To do: Your answer should hold all lines of the entries that include the word "symbols".

*** Opening of Provided data ***

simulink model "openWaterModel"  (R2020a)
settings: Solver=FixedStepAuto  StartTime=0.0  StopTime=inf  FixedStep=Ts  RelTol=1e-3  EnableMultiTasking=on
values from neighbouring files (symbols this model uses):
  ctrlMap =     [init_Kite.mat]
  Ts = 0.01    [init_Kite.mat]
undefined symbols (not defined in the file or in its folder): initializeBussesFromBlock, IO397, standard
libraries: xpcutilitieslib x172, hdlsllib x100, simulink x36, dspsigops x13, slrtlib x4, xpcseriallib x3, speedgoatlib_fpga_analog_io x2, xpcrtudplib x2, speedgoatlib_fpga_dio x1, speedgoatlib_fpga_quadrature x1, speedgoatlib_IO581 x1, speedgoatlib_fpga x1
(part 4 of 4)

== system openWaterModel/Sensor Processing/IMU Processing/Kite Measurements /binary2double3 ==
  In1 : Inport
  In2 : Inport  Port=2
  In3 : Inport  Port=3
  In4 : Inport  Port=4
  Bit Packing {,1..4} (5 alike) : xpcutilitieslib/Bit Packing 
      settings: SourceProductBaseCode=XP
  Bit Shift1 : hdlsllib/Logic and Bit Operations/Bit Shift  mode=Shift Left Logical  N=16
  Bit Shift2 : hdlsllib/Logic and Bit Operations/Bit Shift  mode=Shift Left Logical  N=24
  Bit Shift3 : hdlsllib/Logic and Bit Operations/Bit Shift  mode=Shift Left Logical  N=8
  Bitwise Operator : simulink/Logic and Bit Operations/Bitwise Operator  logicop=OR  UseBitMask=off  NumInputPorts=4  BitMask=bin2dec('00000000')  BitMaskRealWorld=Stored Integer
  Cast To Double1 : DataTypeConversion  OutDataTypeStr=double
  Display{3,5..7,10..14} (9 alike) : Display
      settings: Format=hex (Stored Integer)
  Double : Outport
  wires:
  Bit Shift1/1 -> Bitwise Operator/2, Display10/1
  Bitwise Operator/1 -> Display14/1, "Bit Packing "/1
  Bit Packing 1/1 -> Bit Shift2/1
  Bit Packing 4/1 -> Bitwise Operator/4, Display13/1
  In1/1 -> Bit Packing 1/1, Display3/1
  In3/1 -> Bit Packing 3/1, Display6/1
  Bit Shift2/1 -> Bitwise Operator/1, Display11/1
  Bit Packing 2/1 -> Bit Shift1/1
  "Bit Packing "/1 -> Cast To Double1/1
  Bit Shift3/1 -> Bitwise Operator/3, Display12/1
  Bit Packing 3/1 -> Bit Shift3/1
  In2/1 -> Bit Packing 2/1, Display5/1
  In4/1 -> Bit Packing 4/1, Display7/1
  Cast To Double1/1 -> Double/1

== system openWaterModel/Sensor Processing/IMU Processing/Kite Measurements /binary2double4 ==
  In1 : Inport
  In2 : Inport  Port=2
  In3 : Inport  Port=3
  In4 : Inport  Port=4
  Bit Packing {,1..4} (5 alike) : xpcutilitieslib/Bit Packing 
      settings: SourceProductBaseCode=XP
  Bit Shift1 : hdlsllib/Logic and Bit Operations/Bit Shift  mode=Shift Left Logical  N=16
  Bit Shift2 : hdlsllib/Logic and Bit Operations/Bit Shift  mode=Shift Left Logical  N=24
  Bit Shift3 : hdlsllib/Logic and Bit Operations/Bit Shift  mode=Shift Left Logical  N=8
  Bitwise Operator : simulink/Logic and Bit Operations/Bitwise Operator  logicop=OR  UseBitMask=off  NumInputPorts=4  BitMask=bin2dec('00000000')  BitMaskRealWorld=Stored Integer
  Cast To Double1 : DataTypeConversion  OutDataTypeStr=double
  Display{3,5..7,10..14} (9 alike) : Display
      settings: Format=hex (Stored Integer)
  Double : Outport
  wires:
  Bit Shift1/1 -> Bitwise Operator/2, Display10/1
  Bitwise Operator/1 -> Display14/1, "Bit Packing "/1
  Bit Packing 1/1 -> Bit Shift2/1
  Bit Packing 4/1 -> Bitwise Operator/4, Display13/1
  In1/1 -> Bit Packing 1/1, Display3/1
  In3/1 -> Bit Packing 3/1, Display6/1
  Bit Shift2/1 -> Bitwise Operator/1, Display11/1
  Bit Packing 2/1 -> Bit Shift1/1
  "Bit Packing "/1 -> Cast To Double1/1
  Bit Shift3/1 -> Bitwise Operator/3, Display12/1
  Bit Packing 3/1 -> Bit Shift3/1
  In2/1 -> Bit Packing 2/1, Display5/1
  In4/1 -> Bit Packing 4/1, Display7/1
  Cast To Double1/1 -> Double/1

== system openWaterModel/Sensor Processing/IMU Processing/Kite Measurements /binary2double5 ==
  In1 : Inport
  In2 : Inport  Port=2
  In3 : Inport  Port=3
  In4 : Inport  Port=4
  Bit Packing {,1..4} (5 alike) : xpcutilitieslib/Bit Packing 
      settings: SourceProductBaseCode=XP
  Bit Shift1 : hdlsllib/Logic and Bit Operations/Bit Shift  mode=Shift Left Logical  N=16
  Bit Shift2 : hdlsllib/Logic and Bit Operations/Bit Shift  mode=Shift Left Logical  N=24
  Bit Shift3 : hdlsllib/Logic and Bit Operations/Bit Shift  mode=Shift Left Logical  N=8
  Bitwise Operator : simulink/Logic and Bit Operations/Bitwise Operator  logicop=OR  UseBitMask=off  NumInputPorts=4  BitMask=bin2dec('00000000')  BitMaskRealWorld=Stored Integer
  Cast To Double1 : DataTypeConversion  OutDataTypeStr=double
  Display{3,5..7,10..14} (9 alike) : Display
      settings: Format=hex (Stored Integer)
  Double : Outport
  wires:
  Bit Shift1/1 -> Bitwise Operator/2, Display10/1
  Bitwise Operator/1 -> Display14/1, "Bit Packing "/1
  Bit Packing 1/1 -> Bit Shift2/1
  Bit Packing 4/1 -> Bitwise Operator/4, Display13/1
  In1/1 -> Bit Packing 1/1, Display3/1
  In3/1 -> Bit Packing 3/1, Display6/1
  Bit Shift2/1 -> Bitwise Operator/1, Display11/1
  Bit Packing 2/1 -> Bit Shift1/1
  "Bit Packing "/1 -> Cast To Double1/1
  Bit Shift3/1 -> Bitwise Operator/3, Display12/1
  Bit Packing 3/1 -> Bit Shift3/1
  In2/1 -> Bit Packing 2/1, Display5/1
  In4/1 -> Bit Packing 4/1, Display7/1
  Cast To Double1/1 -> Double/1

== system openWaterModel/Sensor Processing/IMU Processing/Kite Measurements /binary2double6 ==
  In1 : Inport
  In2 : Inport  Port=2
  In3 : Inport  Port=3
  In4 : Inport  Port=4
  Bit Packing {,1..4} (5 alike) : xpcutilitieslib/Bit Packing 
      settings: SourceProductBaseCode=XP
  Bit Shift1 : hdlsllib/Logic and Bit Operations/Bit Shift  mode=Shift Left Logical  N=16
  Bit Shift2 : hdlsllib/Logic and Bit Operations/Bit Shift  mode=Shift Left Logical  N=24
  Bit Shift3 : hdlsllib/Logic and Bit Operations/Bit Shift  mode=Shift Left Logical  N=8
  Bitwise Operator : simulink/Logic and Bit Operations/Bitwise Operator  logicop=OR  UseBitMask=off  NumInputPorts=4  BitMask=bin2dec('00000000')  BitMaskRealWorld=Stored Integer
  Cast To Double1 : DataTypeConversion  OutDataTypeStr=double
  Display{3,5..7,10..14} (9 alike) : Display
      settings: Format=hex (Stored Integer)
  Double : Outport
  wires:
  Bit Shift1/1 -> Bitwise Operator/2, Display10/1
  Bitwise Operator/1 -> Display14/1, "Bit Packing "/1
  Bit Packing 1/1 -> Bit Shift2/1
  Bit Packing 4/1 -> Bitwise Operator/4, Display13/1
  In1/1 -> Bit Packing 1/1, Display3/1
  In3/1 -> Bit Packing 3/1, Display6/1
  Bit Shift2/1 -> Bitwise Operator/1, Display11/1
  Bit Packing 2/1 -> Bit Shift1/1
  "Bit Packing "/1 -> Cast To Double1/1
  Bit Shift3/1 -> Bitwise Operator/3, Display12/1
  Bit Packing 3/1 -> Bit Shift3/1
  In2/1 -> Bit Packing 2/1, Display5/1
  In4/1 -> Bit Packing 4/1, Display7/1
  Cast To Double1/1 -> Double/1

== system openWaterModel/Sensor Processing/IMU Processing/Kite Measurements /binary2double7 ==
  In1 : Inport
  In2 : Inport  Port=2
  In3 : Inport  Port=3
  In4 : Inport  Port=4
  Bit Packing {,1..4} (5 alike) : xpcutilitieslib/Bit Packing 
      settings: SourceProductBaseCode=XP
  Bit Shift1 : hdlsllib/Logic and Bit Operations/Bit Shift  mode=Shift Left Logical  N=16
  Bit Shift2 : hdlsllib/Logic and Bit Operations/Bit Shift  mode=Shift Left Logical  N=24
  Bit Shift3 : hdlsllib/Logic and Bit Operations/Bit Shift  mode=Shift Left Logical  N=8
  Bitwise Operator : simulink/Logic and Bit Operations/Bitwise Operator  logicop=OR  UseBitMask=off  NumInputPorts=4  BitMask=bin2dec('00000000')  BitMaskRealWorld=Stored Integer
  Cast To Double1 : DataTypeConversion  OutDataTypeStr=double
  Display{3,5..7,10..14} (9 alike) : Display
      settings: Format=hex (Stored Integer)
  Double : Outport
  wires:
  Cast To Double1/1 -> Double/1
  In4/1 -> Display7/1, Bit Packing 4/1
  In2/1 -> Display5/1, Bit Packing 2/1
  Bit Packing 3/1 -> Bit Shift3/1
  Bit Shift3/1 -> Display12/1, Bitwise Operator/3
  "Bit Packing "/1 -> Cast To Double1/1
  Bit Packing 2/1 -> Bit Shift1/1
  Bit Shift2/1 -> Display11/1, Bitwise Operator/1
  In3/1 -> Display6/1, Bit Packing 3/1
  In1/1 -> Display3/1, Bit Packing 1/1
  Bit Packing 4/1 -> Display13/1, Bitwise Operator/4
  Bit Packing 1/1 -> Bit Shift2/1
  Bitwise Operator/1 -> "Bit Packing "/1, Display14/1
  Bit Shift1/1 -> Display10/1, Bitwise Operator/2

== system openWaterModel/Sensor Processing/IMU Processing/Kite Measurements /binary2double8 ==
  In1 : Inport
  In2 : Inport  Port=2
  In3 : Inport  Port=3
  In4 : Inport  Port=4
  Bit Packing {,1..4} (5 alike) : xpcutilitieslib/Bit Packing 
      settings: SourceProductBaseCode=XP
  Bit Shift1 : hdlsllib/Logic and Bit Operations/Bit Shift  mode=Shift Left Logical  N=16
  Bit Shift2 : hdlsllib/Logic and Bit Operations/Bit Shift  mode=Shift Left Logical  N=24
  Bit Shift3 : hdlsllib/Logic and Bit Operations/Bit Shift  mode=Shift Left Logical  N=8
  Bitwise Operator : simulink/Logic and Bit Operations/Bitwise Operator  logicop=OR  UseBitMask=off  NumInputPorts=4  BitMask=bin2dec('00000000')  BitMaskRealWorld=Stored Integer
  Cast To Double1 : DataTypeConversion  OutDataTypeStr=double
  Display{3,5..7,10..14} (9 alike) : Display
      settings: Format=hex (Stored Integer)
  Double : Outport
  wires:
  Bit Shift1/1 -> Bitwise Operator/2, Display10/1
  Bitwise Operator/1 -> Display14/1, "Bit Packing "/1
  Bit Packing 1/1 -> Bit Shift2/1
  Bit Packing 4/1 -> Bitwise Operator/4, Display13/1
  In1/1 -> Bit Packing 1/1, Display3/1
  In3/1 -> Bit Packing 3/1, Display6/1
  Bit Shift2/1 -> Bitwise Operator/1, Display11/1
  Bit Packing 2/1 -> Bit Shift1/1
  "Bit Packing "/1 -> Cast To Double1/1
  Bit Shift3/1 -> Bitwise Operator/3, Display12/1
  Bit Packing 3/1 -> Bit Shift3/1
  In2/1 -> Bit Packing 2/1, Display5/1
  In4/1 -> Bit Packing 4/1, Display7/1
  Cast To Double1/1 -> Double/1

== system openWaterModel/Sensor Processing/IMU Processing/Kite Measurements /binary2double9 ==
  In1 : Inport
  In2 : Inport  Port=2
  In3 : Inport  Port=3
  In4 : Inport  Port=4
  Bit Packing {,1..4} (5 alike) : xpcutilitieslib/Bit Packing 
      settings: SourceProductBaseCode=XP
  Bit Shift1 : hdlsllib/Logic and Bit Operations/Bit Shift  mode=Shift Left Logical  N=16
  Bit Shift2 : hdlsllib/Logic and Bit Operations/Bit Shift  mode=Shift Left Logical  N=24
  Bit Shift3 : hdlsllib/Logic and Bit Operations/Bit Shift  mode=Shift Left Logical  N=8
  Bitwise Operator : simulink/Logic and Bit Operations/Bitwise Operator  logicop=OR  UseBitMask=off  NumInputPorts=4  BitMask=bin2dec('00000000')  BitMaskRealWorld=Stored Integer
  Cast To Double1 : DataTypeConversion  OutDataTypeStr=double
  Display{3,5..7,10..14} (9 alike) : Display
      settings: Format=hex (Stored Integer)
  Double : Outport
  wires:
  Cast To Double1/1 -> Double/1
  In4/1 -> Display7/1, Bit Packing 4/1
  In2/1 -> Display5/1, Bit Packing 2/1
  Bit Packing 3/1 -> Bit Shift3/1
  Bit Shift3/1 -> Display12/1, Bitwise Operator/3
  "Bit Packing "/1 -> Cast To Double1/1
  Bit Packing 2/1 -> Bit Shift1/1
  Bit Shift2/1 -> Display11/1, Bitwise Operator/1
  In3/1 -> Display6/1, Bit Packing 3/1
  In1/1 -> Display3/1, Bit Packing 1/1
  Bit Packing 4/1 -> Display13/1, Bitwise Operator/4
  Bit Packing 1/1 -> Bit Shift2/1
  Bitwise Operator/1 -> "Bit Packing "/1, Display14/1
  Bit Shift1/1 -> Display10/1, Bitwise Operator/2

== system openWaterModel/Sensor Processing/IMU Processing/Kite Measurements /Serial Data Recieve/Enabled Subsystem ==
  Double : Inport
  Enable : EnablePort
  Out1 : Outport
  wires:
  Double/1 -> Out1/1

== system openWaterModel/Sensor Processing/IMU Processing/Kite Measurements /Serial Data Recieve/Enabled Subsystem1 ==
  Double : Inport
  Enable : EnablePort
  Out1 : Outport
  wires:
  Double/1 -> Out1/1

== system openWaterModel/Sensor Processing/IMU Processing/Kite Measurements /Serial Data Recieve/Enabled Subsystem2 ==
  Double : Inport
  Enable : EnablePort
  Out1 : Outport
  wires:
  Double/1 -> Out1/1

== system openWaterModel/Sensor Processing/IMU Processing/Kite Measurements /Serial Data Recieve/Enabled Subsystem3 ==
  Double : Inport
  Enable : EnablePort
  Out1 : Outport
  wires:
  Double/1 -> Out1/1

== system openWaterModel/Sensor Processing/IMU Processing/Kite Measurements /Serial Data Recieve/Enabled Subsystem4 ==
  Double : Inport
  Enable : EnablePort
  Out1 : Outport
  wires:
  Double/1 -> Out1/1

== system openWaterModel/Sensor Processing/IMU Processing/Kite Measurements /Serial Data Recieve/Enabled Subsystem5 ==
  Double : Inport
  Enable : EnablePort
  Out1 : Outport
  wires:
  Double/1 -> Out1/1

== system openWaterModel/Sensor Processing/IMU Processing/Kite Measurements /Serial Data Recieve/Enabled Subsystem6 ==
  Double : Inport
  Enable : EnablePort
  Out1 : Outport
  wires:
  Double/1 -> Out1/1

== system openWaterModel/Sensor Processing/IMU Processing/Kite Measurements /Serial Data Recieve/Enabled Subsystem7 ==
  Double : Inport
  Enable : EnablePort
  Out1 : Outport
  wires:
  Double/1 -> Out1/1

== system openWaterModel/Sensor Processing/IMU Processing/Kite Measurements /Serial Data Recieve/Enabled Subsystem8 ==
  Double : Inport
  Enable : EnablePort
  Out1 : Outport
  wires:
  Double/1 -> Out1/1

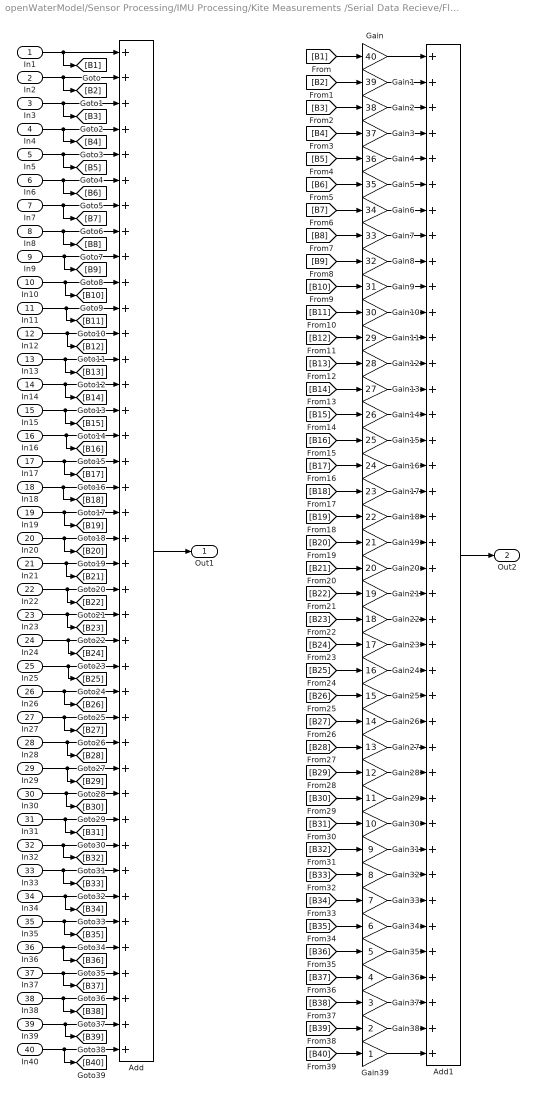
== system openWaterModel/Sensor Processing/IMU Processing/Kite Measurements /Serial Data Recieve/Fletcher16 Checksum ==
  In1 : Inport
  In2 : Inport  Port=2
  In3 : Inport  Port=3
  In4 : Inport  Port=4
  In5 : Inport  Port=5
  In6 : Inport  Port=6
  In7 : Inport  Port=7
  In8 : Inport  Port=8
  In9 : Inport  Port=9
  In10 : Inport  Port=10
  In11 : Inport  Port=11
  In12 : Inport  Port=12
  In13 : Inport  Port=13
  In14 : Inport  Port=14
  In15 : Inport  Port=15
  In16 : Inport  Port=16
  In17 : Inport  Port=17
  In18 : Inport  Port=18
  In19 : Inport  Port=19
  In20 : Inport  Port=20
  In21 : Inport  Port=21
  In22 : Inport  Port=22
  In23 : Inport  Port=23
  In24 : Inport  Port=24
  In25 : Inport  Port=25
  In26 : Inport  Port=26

*** Close of Provided data ***

Solved exercise:
values from neighbouring files (symbols this model uses):
undefined symbols (not defined in the file or in its folder): initializeBussesFromBlock, IO397, standard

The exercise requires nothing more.